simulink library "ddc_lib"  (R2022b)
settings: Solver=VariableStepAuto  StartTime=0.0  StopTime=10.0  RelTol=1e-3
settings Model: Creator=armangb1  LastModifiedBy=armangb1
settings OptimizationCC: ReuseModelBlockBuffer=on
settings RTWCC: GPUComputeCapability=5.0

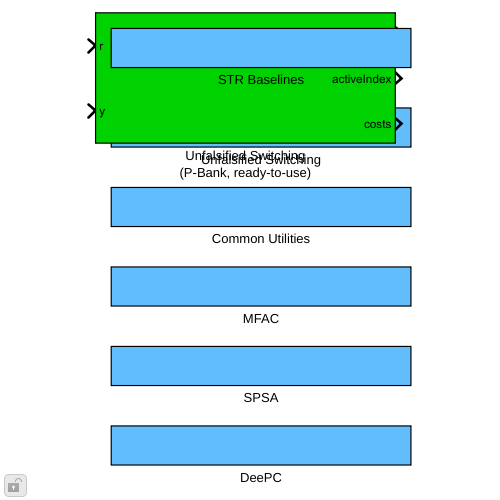
[thumbnail: Simulink's stored preview of the top-level diagram]
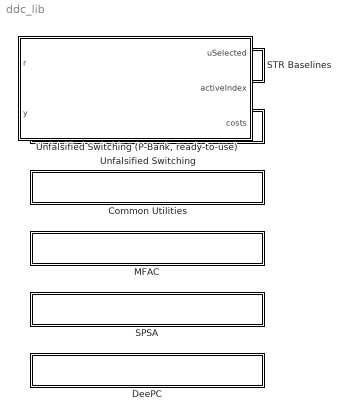
== system ddc_lib ==
  Common Utilities : Subsystem
  DeePC : Subsystem
  MFAC : Subsystem
  SPSA : Subsystem
  STR Baselines : Subsystem
  Unfalsified Switching : Subsystem
  "Unfalsified Switching (P-Bank, ready-to-use)" : Subsystem  mask(Unfalsified Switching (P-Bank)){Controllers=[0.5; 1; 2]}
      mask prompts: Controllers "Candidate controllers"
      mask help: Ready-to-use unfalsified adaptive switching control block: a bank of proportional candidate controllers plus the cost-based switching logic, pre-wired. Set Controllers to the candidate controllers as a tf array or a vector of proportional gains.

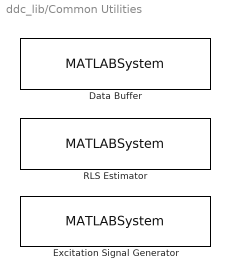
== system ddc_lib/Common Utilities ==
  Data Buffer : MATLABSystem  System=ddc.common.DataBuffer  WindowLength=10  SignalWidth=1  SimulateUsing=Code generation
      mask Type: ddc.common.DataBuffer
      mask Display:
      | disp('DataBuffer');
      | port_label('input',1,'sample');
      | port_label('output',1,'isFull');
      | port_label('output',2,'data');
  Excitation Signal Generator : MATLABSystem  System=ddc.common.ExcitationSignalGenerator  Amplitude=1  Seed=0  SwitchProbability=0.5  SimulateUsing=Code generation
      settings: SignalType=prbs
      mask Type: ddc.common.ExcitationSignalGenerator
      mask Display:
      | disp('ExcitationSignalGenerator');
      | port_label('output',1,'u');
  RLS Estimator : MATLABSystem  System=ddc.common.RLSEstimator  NumParameters=1  ExternalReset=off  ForgettingFactor=1  InitialCovarianceGain=10000  SimulateUsing=Code generation
      mask Type: ddc.common.RLSEstimator
      mask Display:
      | disp('RLSEstimator');
      | port_label('input',1,'phi');
      | port_label('input',2,'y');
      | port_label('output',1,'theta');
      | port_label('output',2,'predictionError');

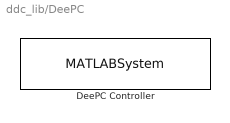
== system ddc_lib/DeePC ==
  DeePC Controller : MATLABSystem  System=ddc.deepc.DeePCController  DataU=[]  DataY=[]  Tini=4  N=10  AssumedOrder=0  SampleTime=-1  Q=1  R=0.01  LambdaG=1  LambdaY=10000  SimulateUsing=Code generation
      mask Type: ddc.deepc.DeePCController
      mask Display:
      | disp('DeePCController');
      | port_label('input',1,'yCurr');
      | port_label('input',2,'rFuture');
      | port_label('output',1,'uApply');
      | port_label('output',2,'yPred');

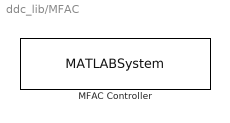
== system ddc_lib/MFAC ==
  MFAC Controller : MATLABSystem  System=ddc.mfac.MFACController  Ly=0  Lu=1  PhiInit=1  SampleTime=-1  Eta=1  Mu=1  Rho=1  Lambda=1  Epsilon=1e-05  SimulateUsing=Code generation
      mask Type: ddc.mfac.MFACController
      mask Display:
      | disp('MFACController');
      | port_label('input',1,'y');
      | port_label('input',2,'rNext');
      | port_label('output',1,'u');
      | port_label('output',2,'phiOut');

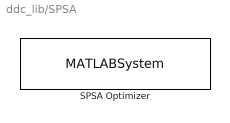
== system ddc_lib/SPSA ==
  SPSA Optimizer : MATLABSystem  System=ddc.spsa.SPSAOptimizer  NumParameters=1  InitialTheta=0  ParameterUpdateMode=immediate  SampleTime=-1  ATuning=0.1  CTuning=0.1  ACommon=10  Alpha=0.602  Gamma=0.101  SimulateUsing=Code generation
      mask Type: ddc.spsa.SPSAOptimizer
      mask Display:
      | disp('SPSAOptimizer');
      | port_label('input',1,'lossMeasurement');
      | port_label('output',1,'paramToApply');
      | port_label('output',2,'thetaEstimate');

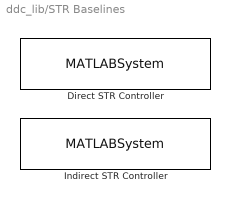
== system ddc_lib/STR Baselines ==
  Direct STR Controller : MATLABSystem  System=ddc.str.DirectSTRController  SampleTime=-1  Ac1=-0.5  ForgettingFactor=0.98  MinBeta0=0.001  InitialS0=0  InitialT0=1  SimulateUsing=Code generation
      mask Type: ddc.str.DirectSTRController
      mask Display:
      | disp('DirectSTRController');
      | port_label('input',1,'y');
      | port_label('input',2,'r');
      | port_label('output',1,'u');
      | port_label('output',2,'theta');
  Indirect STR Controller : MATLABSystem  System=ddc.str.IndirectSTRController  Na=1  Nb=1  SampleTime=-1  Am=[1 -0.5]  Bm=0.5  ObserverPole=0  ForgettingFactor=0.98  MinB=0.001  SimulateUsing=Code generation
      mask Type: ddc.str.IndirectSTRController
      mask Display:
      | disp('IndirectSTRController');
      | port_label('input',1,'y');
      | port_label('input',2,'r');
      | port_label('output',1,'u');
      | port_label('output',2,'theta');

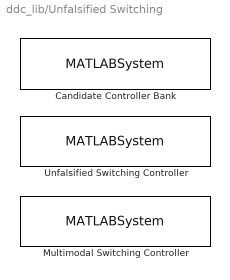
== system ddc_lib/Unfalsified Switching ==
  Candidate Controller Bank : MATLABSystem  System=ddc.ufc.CandidateControllerBank  Controllers=tf  SampleTime=-1  DiscretizationMethod=zoh  SimulateUsing=Code generation
      mask Type: ddc.ufc.CandidateControllerBank
      mask Display:
      | disp('CandidateControllerBank');
      | port_label('input',1,'r');
      | port_label('input',2,'y');
      | port_label('output',1,'uCandidates');
  Multimodal Switching Controller : MATLABSystem  System=ddc.ufc.MultimodelSwitchingController  Controllers=tf  Models=tf  SampleTime=-1  DiscretizationMethod=zoh  ForgettingFactor=0.95  HysteresisMargin=0.001  Epsilon=1e-12  SimulateUsing=Code generation
      mask Type: ddc.ufc.MultimodelSwitchingController
      mask Display:
      | disp('MultimodelSwitchingController');
      | port_label('input',1,'uCandidates');
      | port_label('input',2,'y');
      | port_label('output',1,'uSelected');
      | port_label('output',2,'activeIndex');
      | port_label('output',3,'costs');
  Unfalsified Switching Controller : MATLABSystem  System=ddc.ufc.UnfalsifiedSwitchingController  Controllers=tf  SampleTime=-1  DiscretizationMethod=zoh  ForgettingFactor=0.95  HysteresisMargin=0.001  Epsilon=1e-12  W1=1  W2=1  SimulateUsing=Code generation
      mask Type: ddc.ufc.UnfalsifiedSwitchingController
      mask Display:
      | disp('UnfalsifiedSwitchingController');
      | port_label('input',1,'uCandidates');
      | port_label('input',2,'y');
      | port_label('output',1,'uSelected');
      | port_label('output',2,'activeIndex');
      | port_label('output',3,'costs');

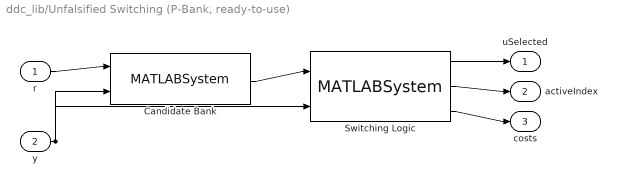
== system ddc_lib/Unfalsified Switching (P-Bank, ready-to-use) ==
  r : Inport
  y : Inport  Port=2
  Candidate Bank : MATLABSystem  System=ddc.ufc.CandidateControllerBank  Controllers=Controllers  SampleTime=-1  DiscretizationMethod=zoh  SimulateUsing=Code generation
      mask Type: ddc.ufc.CandidateControllerBank
      mask Display:
      | disp('CandidateControllerBank');
      | port_label('input',1,'r');
      | port_label('input',2,'y');
      | port_label('output',1,'uCandidates');
  Switching Logic : MATLABSystem  System=ddc.ufc.UnfalsifiedSwitchingController  Controllers=Controllers  SampleTime=-1  DiscretizationMethod=zoh  ForgettingFactor=0.95  HysteresisMargin=0.001  Epsilon=1e-12  W1=1  W2=1  SimulateUsing=Code generation
      mask Type: ddc.ufc.UnfalsifiedSwitchingController
      mask Display:
      | disp('UnfalsifiedSwitchingController');
      | port_label('input',1,'uCandidates');
      | port_label('input',2,'y');
      | port_label('output',1,'uSelected');
      | port_label('output',2,'activeIndex');
      | port_label('output',3,'costs');
  uSelected : Outport
  activeIndex : Outport  Port=2
  costs : Outport  Port=3
  wires:
  r/1 -> Candidate Bank/1
  y/1 -> Candidate Bank/2, Switching Logic/2
  Candidate Bank/1 -> Switching Logic/1
  Switching Logic/1 -> uSelected/1
  Switching Logic/2 -> activeIndex/1
  Switching Logic/3 -> costs/1
_____
→ **Assignment**
Your answer is the exact run of lines above from the one with "settings Model: Creator=armangb1" through the one with "mask prompts: Controllers", both ends included, minus any picture.

→ **Answer**
settings Model: Creator=armangb1  LastModifiedBy=armangb1
settings OptimizationCC: ReuseModelBlockBuffer=on
settings RTWCC: GPUComputeCapability=5.0

[thumbnail: Simulink's stored preview of the top-level diagram]
== system ddc_lib ==
  Common Utilities : Subsystem
  DeePC : Subsystem
  MFAC : Subsystem
  SPSA : Subsystem
  STR Baselines : Subsystem
  Unfalsified Switching : Subsystem
  "Unfalsified Switching (P-Bank, ready-to-use)" : Subsystem  mask(Unfalsified Switching (P-Bank)){Controllers=[0.5; 1; 2]}
      mask prompts: Controllers "Candidate controllers"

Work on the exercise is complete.